> [Aim of the exercise] Reproduce nothing beyond the line containing "47uF, Capacitor_THT:CP_Radial_D5.0mm_P2.00mm, symbol". From the first line of the data below down to it, copy each line exactly, without the pictures.

--------

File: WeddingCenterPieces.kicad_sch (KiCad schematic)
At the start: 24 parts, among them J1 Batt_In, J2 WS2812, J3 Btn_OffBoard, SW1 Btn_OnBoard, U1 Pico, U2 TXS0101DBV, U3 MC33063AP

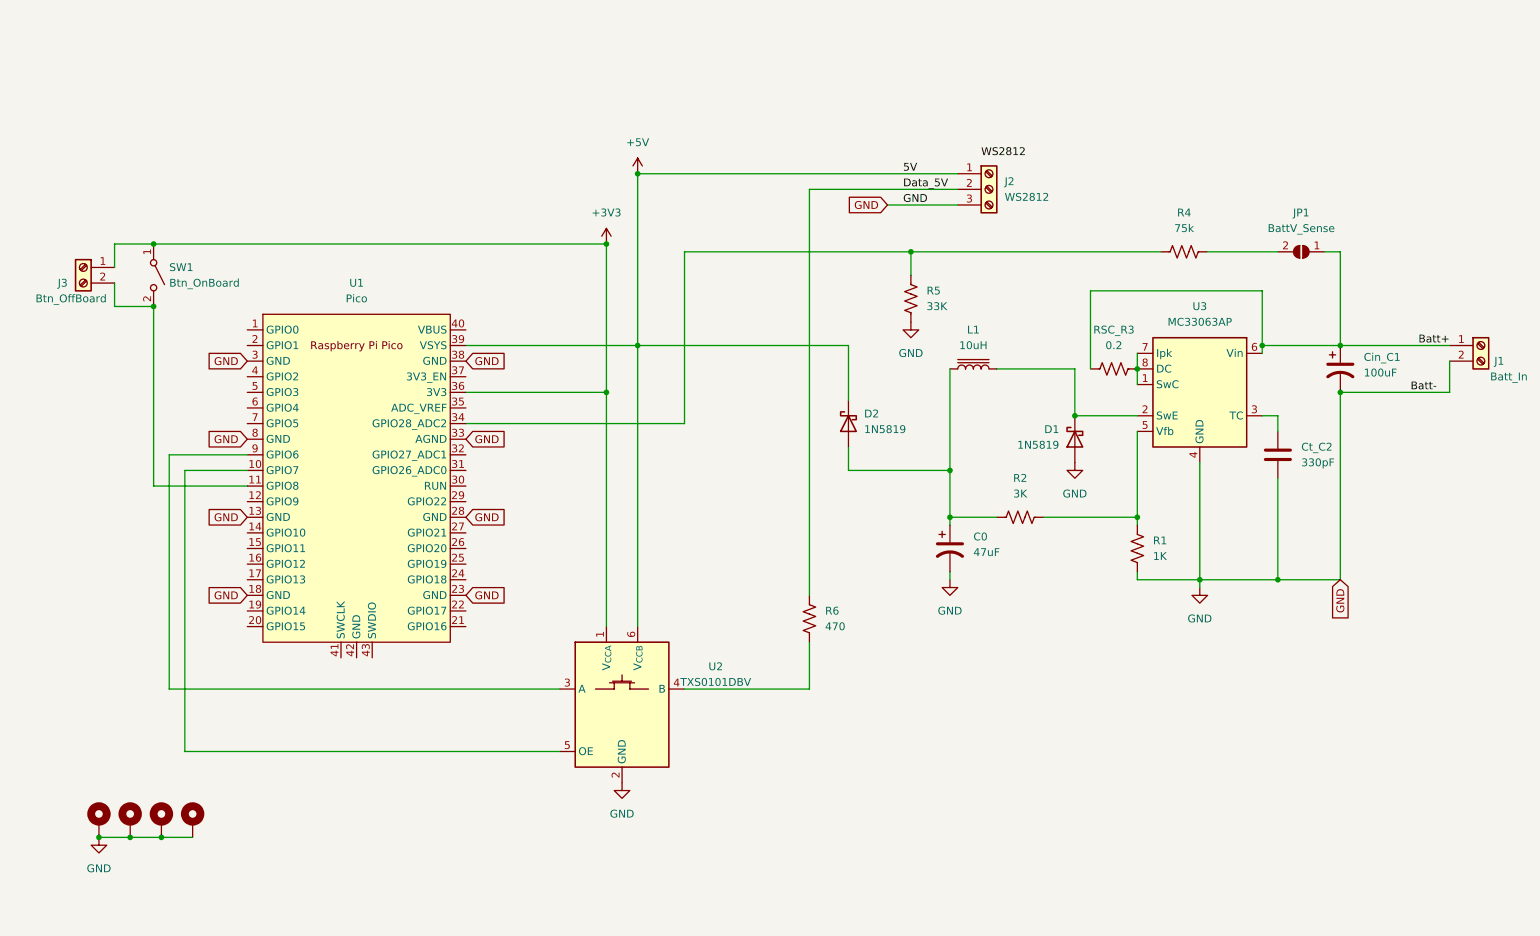
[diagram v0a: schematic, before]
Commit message: Pulling out Power Supply into a separate sheet.
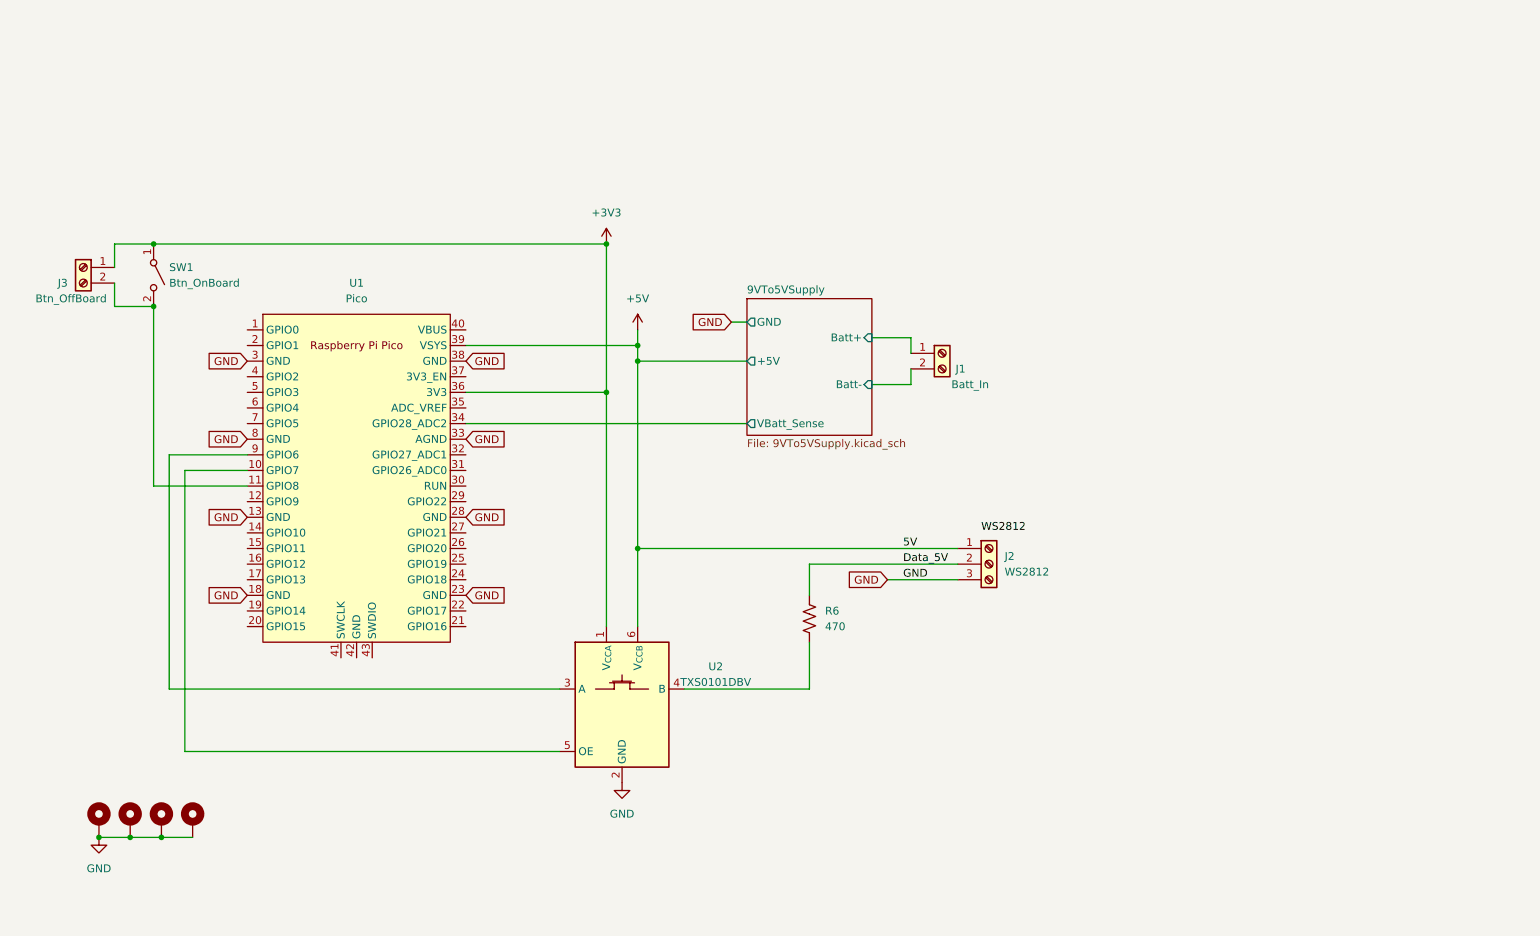
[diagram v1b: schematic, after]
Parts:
- removed C0: 47uF, Capacitor_THT:CP_Radial_D5.0mm_P2.00mm, symbol Device:C_Polarized_US
- removed Cin_C1: 100uF, Capacitor_THT:CP_Radial_D5.0mm_P2.00mm, symbol Device:C_Polarized_US
- removed Ct_C2: 330pF, Capacitor_THT:C_Disc_D3.0mm_W1.6mm_P2.50mm, symbol Device:C
- removed D1, D2: 1N5819, Diode_THT:D_DO-41_SOD81_P10.16mm_Horizontal, symbol Diode:1N5819
- removed JP1: BattV_Sense, Jumper:SolderJumper-2_P1.3mm_Open_TrianglePad1.0x1.5mm, symbol Jumper:SolderJumper_2_Open
- removed L1: 10uH, Inductor_THT:L_Radial_D8.7mm_P5.00mm_Fastron_07HCP, symbol Device:L_Iron
- removed R1: 1K, Resistor_THT:R_Axial_DIN0207_L6.3mm_D2.5mm_P7.62mm_Horizontal, symbol Device:R_US
- removed R2: 3K, Resistor_THT:R_Axial_DIN0207_L6.3mm_D2.5mm_P7.62mm_Horizontal, symbol Device:R_US
- removed R4: 75k, Resistor_THT:R_Axial_DIN0309_L9.0mm_D3.2mm_P12.70mm_Horizontal, symbol Device:R_US
- removed R5: 33K, Resistor_THT:R_Axial_DIN0204_L3.6mm_D1.6mm_P5.08mm_Horizontal, symbol Device:R_US
- removed RSC_R3: 0.2, Resistor_THT:R_Axial_DIN0414_L11.9mm_D4.5mm_P15.24mm_Horizontal, symbol Device:R_US
- removed U3: MC33063AP, Package_DIP:DIP-8_W7.62mm, symbol Regulator_Switching:MC33063AP
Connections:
- net GND: no longer J1.2 (Pin_2)
- net 9VTo5VSupply/VBatt_Sense: now reaches U1.34 (GPIO28_ADC2)
- net Batt+ renamed 9VTo5VSupply/Batt+
- new net 9VTo5VSupply/Batt-: J1.2 (Pin_2)
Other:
- added sheet 9VTo5VSupply (9VTo5VSupply.kicad_sch)
- moved on the sheet: J1, J2

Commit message: WIP: Updating board to use an RP2040 directly.
TODO: Need to update on-board LEDs to SK6812 Mini-E, fix VSYS/VBUS/+5V, and convert any footprints of interest to SMD
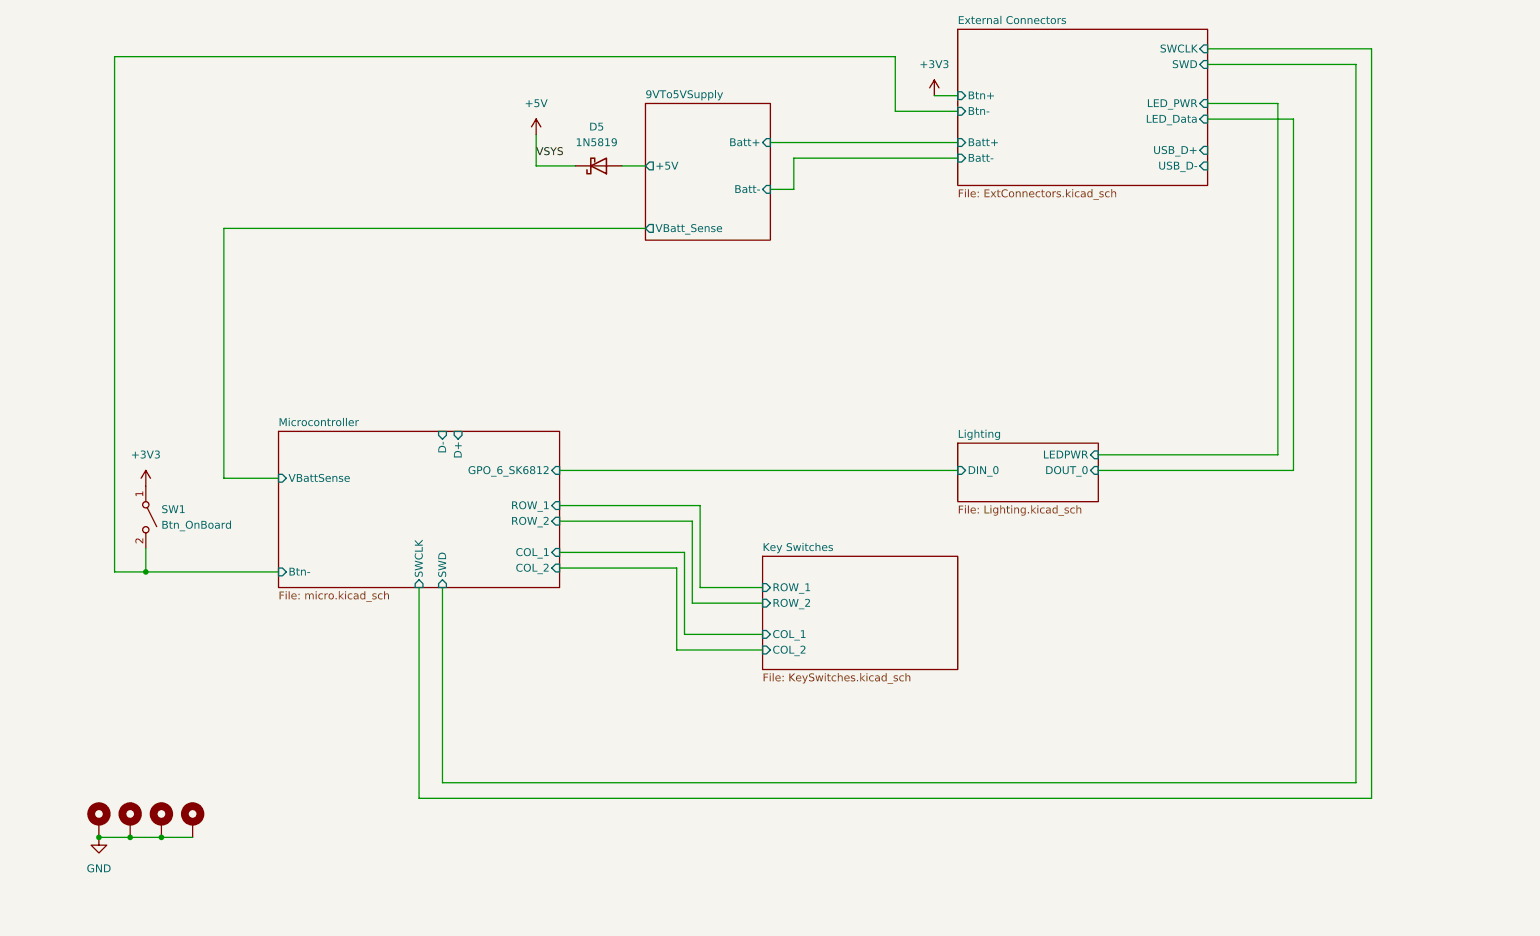
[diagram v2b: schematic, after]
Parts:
- removed J1: Batt_In, TerminalBlock:TerminalBlock_Altech_AK300-2_P5.00mm, symbol Connector:Screw_Terminal_01x02
- removed J2: WS2812, TerminalBlock:TerminalBlock_Altech_AK300-3_P5.00mm, symbol Connector:Screw_Terminal_01x03
- removed J3: Btn_OffBoard, TerminalBlock:TerminalBlock_Altech_AK300-2_P5.00mm, symbol Connector:Screw_Terminal_01x02
- removed R6: 470, Resistor_THT:R_Axial_DIN0207_L6.3mm_D2.5mm_P7.62mm_Horizontal, symbol Device:R_US
- removed U1: Pico, MCU_RaspberryPi_and_Boards:RPi_Pico_SMD_TH, symbol MCU_RaspberryPi_and_Boards:Pico
- removed U2: TXS0101DBV, Package_TO_SOT_SMD:SOT-23-6, symbol Logic_LevelTranslator:TXS0101DBV
- added D5: 1N5819, Diode_THT:D_DO-41_SOD81_P10.16mm_Horizontal, symbol Diode:1N5819
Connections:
- net +5V: now also D5.1 (K)
- net External Connectors/Btn-: now reaches SW1.2 (B)
- new net 9VTo5VSupply/+5V: D5.2 (A)
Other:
- added sheet External Connectors (ExtConnectors.kicad_sch)
- added sheet Key Switches (KeySwitches.kicad_sch)
- added sheet Lighting (Lighting.kicad_sch)
- added sheet Microcontroller (micro.kicad_sch)
- sheet 9VTo5VSupply ports: added none; removed GND
- moved on the sheet: SW1

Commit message: Placing nearly all components onto the PCB. Removing the 9Vto5V battery input stage from populating onto the PCB.
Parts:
- removed H1, H2, H3, H4: MountingHole_Pad, MountingHole:MountingHole_2.7mm_M2.5_Pad, symbol Mechanical:MountingHole_Pad
- added H1, H2, H3, H4: MountingHole, MountingHole:MountingHole_2.7mm_M2.5, symbol Mechanical:MountingHole

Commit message: Adding additional LEDs and driver to test per-key LEDs, updating net classes and design constraints, and starting to route tracks.
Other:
- sheet Lighting ports: added DIN_1; removed none
- sheet Microcontroller ports: added GPO_7_SK6812; removed none
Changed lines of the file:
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@@
+	(wire
+		(pts
+			(xy 120.65 104.14) (xy 185.42 104.14)
+		)
+		(stroke
+			(width 0)
+			(type default)
+		)
+	)
 	(wire
 		(pts
@@
 			)
 		)
+		(pin "DIN_1" input
+			(at 185.42 104.14 180)
+			(effects
+				(font
+					(size 1.27 1.27)
+				)
+				(justify left)
+			)
+		)
 		(instances
 			(project "WeddingCenterPieces"
@@
 			(effects
 				(font
+					(size 1.27 1.27)
+				)
+				(justify right)
+			)
+		)
+		(pin "GPO_7_SK6812" input
+			(at 120.65 104.14 0)
+			(effects
+				(font

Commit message: Shrinking board to only have 2 key switches and a few other unnecessary components. Finished with routing the rest of the board.
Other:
- sheet Key Switches ports: added none; removed COL_2
- sheet Lighting ports: added none; removed DIN_1
- sheet Microcontroller ports: added none; removed COL_2, GPO_7_SK6812
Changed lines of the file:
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@@
-	(wire
-		(pts
-			(xy 139.7 117.475) (xy 120.65 117.475)
-		)
-		(stroke
-			(width 0)
-			(type default)
-		)
-	)
 	(wire
 		(pts
@@
 	(wire
 		(pts
-			(xy 139.7 130.81) (xy 153.67 130.81)
-		)
-		(stroke
-			(width 0)
-			(type default)
-		)
-	)
-	(wire
-		(pts
 			(xy 154.94 48.26) (xy 185.42 48.26)
 		)
@@
 	(wire
 		(pts
-			(xy 139.7 130.81) (xy 139.7 117.475)
-		)
-		(stroke
-			(width 0)
-			(type default)
-		)
-	)
-	(wire
-		(pts
 			(xy 237.49 99.06) (xy 237.49 41.91)
 		)
@@
 		(pts
 			(xy 130.81 52.07) (xy 134.62 52.07)
-		)
-		(stroke
-			(width 0)
-			(type default)
-		)
-	)
-	(wire
-		(pts
-			(xy 120.65 104.14) (xy 185.42 104.14)
 		)
 		(stroke
@@
 		(exclude_from_sim no)
 		(in_bom yes)
-		(on_board yes)
+		(on_board no)
 		(dnp no)
 		(fields_autoplaced yes)
@@
 			)
 		)
-		(pin "COL_2" input
-			(at 153.67 130.81 180)
-			(effects
-				(font
-					(size 1.27 1.27)
-				)
-				(justify left)
-			)
-		)
 		(pin "ROW_1" input
 			(at 153.67 120.65 180)
@@
 			)
 		)
-		(pin "DIN_1" input
-			(at 185.42 104.14 180)
-			(effects
-				(font
-					(size 1.27 1.27)
-				)
-				(justify left)
-			)
-		)
 		(instances
 			(project "WeddingCenterPieces"
@@
 			)
 		)
-		(pin "COL_2" input
-			(at 120.65 117.475 0)
-			(effects
-				(font
-					(size 1.27 1.27)
-				)
-				(justify right)
-			)
-		)
 		(pin "ROW_1" input
 			(at 120.65 107.315 0)
@@
 			(effects
 				(font
-					(size 1.27 1.27)
-				)
-				(justify right)
-			)
-		)
-		(pin "GPO_7_SK6812" input
-			(at 120.65 104.14 0)
-			(effects
-				(font

--------

> [Task output]
File: WeddingCenterPieces.kicad_sch (KiCad schematic)
At the start: 24 parts, among them J1 Batt_In, J2 WS2812, J3 Btn_OffBoard, SW1 Btn_OnBoard, U1 Pico, U2 TXS0101DBV, U3 MC33063AP

[diagram v0a: schematic, before]
Commit message: Pulling out Power Supply into a separate sheet.
[diagram v1b: schematic, after]
Parts:
- removed C0: 47uF, Capacitor_THT:CP_Radial_D5.0mm_P2.00mm, symbol Device:C_Polarized_US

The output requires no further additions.